There aren't many new jobs sprouting up in home building at present, but that's likely to change as the emerging "green economy" gains momentum worldwide.
Efforts to curb climate change are expected to seed millions of new green jobs around the globe in the coming decades, many of which will take root in the building sector, notes a report recently commissioned by the United Nations Environment Programme (UNEP) as part of its joint Green Jobs Initiative.
According to the report, "Green Jobs: Towards Decent Work in a Sustainable Low-Carbon World," the global market for sustainable products and services is projected to double from $1.37 trillion to $2.74 trillion annually by the year 2020, with building and construction ranking among those sectors expected to have a significant environmental, economic, and employment impact.
Efforts to make buildings more energy-efficient will create millions of new jobs, researchers surmised, and will also have a greening effect on the job responsibilities of an estimated 111 million people worldwide who already work in construction. High-performance projects and upgrades could generate up to 3.5 million additional green jobs in Europe and the United States alone, the report concluded.

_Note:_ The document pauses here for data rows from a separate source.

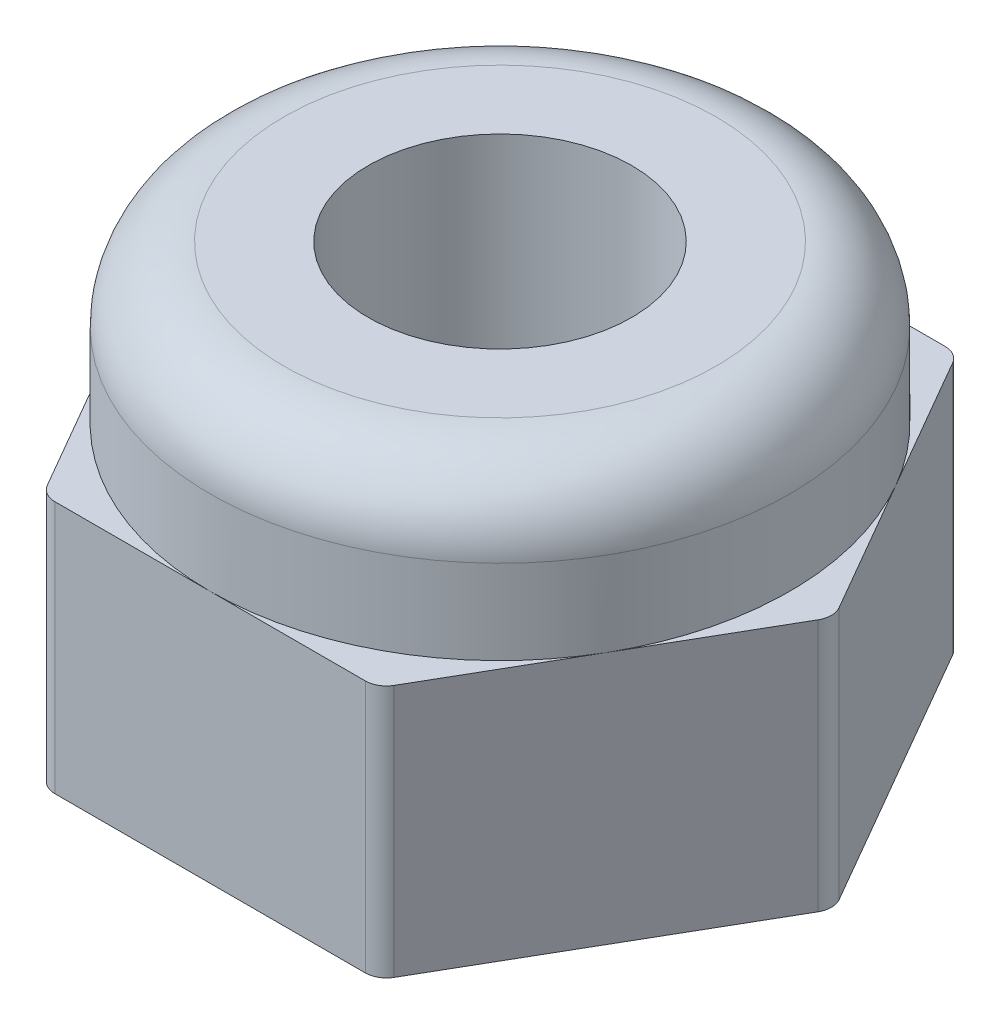
ISO-10303-21;
HEADER;
FILE_DESCRIPTION(('STEP AP214'),'2;1');
FILE_NAME('part.step','',(''),(''),'','','');
FILE_SCHEMA(('AUTOMOTIVE_DESIGN { 1 0 10303 214 1 1 1 1 }'));
ENDSEC;
DATA;
#1=APPLICATION_CONTEXT('core data for automotive mechanical design processes');
#2=APPLICATION_PROTOCOL_DEFINITION('international standard','automotive_design',2000,#1);
#3=PRODUCT_CONTEXT('',#1,'mechanical');
#4=PRODUCT('Part','Part','',(#3));
#5=PRODUCT_RELATED_PRODUCT_CATEGORY('part','',(#4));
#6=PRODUCT_DEFINITION_FORMATION('','',#4);
#7=PRODUCT_DEFINITION_CONTEXT('part definition',#1,'design');
#8=PRODUCT_DEFINITION('design','',#6,#7);
#9=PRODUCT_DEFINITION_SHAPE('','',#8);
#10=(LENGTH_UNIT() NAMED_UNIT(*) SI_UNIT(.MILLI.,.METRE.));
#11=(NAMED_UNIT(*) PLANE_ANGLE_UNIT() SI_UNIT($,.RADIAN.));
#12=(NAMED_UNIT(*) SI_UNIT($,.STERADIAN.) SOLID_ANGLE_UNIT());
#13=UNCERTAINTY_MEASURE_WITH_UNIT(LENGTH_MEASURE(1.E-05),#10,'distance_accuracy_value','');
#14=(GEOMETRIC_REPRESENTATION_CONTEXT(3) GLOBAL_UNCERTAINTY_ASSIGNED_CONTEXT((#13)) GLOBAL_UNIT_ASSIGNED_CONTEXT((#10,
#11,#12)) REPRESENTATION_CONTEXT('',''));
#15=CARTESIAN_POINT('',(0.,0.,0.));
#16=DIRECTION('',(0.,0.,1.));
#17=DIRECTION('',(1.,0.,0.));
#18=AXIS2_PLACEMENT_3D('',#15,#16,#17);
#19=CARTESIAN_POINT('',(0.,2.4,0.));
#20=DIRECTION('',(0.,1.,0.));
#21=DIRECTION('',(0.,0.,1.));
#22=AXIS2_PLACEMENT_3D('',#19,#20,#21);
#23=PLANE('',#22);
#24=DIRECTION('',(1.,0.,0.));
#25=VECTOR('',#24,1.);
#26=CARTESIAN_POINT('',(-1.58771324027147,2.4,2.75));
#27=LINE('',#26,#25);
#28=CARTESIAN_POINT('',(0.,2.4,2.75));
#29=VERTEX_POINT('',#28);
#30=CARTESIAN_POINT('',(1.47224318643355,2.4,2.75));
#31=VERTEX_POINT('',#30);
#32=EDGE_CURVE('E167',#29,#31,#27,.T.);
#33=ORIENTED_EDGE('',*,*,#32,.T.);
#34=CARTESIAN_POINT('',(1.47224318643355,2.4,2.55));
#35=DIRECTION('',(0.,1.,0.));
#36=DIRECTION('',(0.,0.,1.));
#37=AXIS2_PLACEMENT_3D('',#34,#35,#36);
#38=CIRCLE('',#37,0.2);
#39=CARTESIAN_POINT('',(1.64544826719043,2.4,2.65));
#40=VERTEX_POINT('',#39);
#41=EDGE_CURVE('E11',#31,#40,#38,.T.);
#42=ORIENTED_EDGE('',*,*,#41,.T.);
#43=DIRECTION('',(0.499999999999999,0.,-0.866025403784439));
#44=VECTOR('',#43,1.);
#45=CARTESIAN_POINT('',(1.58771324027147,2.4,2.75));
#46=LINE('',#45,#44);
#47=CARTESIAN_POINT('',(2.38156986040721,2.4,1.375));
#48=VERTEX_POINT('',#47);
#49=EDGE_CURVE('E178',#40,#48,#46,.T.);
#50=ORIENTED_EDGE('',*,*,#49,.T.);
#51=CARTESIAN_POINT('',(0.,2.4,0.));
#52=DIRECTION('',(0.,1.,0.));
#53=DIRECTION('',(0.,0.,1.));
#54=AXIS2_PLACEMENT_3D('',#51,#52,#53);
#55=CIRCLE('',#54,2.75);
#56=EDGE_CURVE('E177',#29,#48,#55,.T.);
#57=ORIENTED_EDGE('',*,*,#56,.F.);
#58=EDGE_LOOP('',(#33,#42,#50,#57));
#59=FACE_BOUND('',#58,.T.);
#60=ADVANCED_FACE('F44',(#59),#23,.T.);
#61=CARTESIAN_POINT('',(3.11769145362398,2.4,0.099999999999999));
#62=VERTEX_POINT('',#61);
#63=EDGE_CURVE('E204',#48,#62,#46,.T.);
#64=ORIENTED_EDGE('',*,*,#63,.T.);
#65=CARTESIAN_POINT('',(2.94448637286709,2.4,0.));
#66=DIRECTION('',(0.,1.,0.));
#67=DIRECTION('',(0.,0.,1.));
#68=AXIS2_PLACEMENT_3D('',#65,#66,#67);
#69=CIRCLE('',#68,0.2);
#70=CARTESIAN_POINT('',(3.11769145362398,2.4,-0.100000000000001));
#71=VERTEX_POINT('',#70);
#72=EDGE_CURVE('E53',#62,#71,#69,.T.);
#73=ORIENTED_EDGE('',*,*,#72,.T.);
#74=DIRECTION('',(-0.5,0.,-0.866025403784439));
#75=VECTOR('',#74,1.);
#76=CARTESIAN_POINT('',(3.17542648054294,2.4,0.));
#77=LINE('',#76,#75);
#78=CARTESIAN_POINT('',(2.38156986040721,2.4,-1.375));
#79=VERTEX_POINT('',#78);
#80=EDGE_CURVE('E205',#71,#79,#77,.T.);
#81=ORIENTED_EDGE('',*,*,#80,.T.);
#82=EDGE_CURVE('E184',#48,#79,#55,.T.);
#83=ORIENTED_EDGE('',*,*,#82,.F.);
#84=EDGE_LOOP('',(#64,#73,#81,#83));
#85=FACE_BOUND('',#84,.T.);
#86=ADVANCED_FACE('F318',(#85),#23,.T.);
#87=CARTESIAN_POINT('',(1.64544826719043,2.4,-2.65));
#88=VERTEX_POINT('',#87);
#89=EDGE_CURVE('E203',#79,#88,#77,.T.);
#90=ORIENTED_EDGE('',*,*,#89,.T.);
#91=CARTESIAN_POINT('',(1.47224318643354,2.4,-2.55));
#92=DIRECTION('',(0.,1.,0.));
#93=DIRECTION('',(0.,0.,1.));
#94=AXIS2_PLACEMENT_3D('',#91,#92,#93);
#95=CIRCLE('',#94,0.2);
#96=CARTESIAN_POINT('',(1.47224318643354,2.4,-2.75));
#97=VERTEX_POINT('',#96);
#98=EDGE_CURVE('E306',#88,#97,#95,.T.);
#99=ORIENTED_EDGE('',*,*,#98,.T.);
#100=DIRECTION('',(-1.,0.,0.));
#101=VECTOR('',#100,1.);
#102=CARTESIAN_POINT('',(1.58771324027147,2.4,-2.75));
#103=LINE('',#102,#101);
#104=CARTESIAN_POINT('',(0.,2.4,-2.75));
#105=VERTEX_POINT('',#104);
#106=EDGE_CURVE('E209',#97,#105,#103,.T.);
#107=ORIENTED_EDGE('',*,*,#106,.T.);
#108=EDGE_CURVE('E372',#79,#105,#55,.T.);
#109=ORIENTED_EDGE('',*,*,#108,.F.);
#110=EDGE_LOOP('',(#90,#99,#107,#109));
#111=FACE_BOUND('',#110,.T.);
#112=ADVANCED_FACE('F370',(#111),#23,.T.);
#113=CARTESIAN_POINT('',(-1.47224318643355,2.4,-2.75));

These findings dovetail with new research by the U.S. Conference of Mayors, which forecasts that American green jobs will grow fivefold over the next three decades, from 750,000 currently to more than 4.2 million by 2038.
That study, which establishes benchmarks for a new national Green Jobs Index, projects that green jobs could account for as much as 10 percent of employment growth in the United States through 2038, representing the fastest growing job segment in the nation's economy. Advances in renewable electricity production are expected to spark 1.23 million new jobs over the next 30 years, while alternative transportation is expected to fuel 1.5 million jobs. Commercial and residential building retrofits will result in roughly 81,000 new jobs in building and construction, researchers predict.
Meanwhile, the market for green homes continues to grow, in spite of the recession. In a recent survey conducted by McGraw-Hill Construction in partnership with the NAHB, more than a fifth of builders (21 percent) said they’d be building 90 percent of their projects green by next year. Sixty percent of respondents indicated a belief that home buyers are willing to pay more for green homes, and 40 percent said building green makes it easier to market in a down economy.
Jenny Sullivan is senior editor, design, for BUILDER.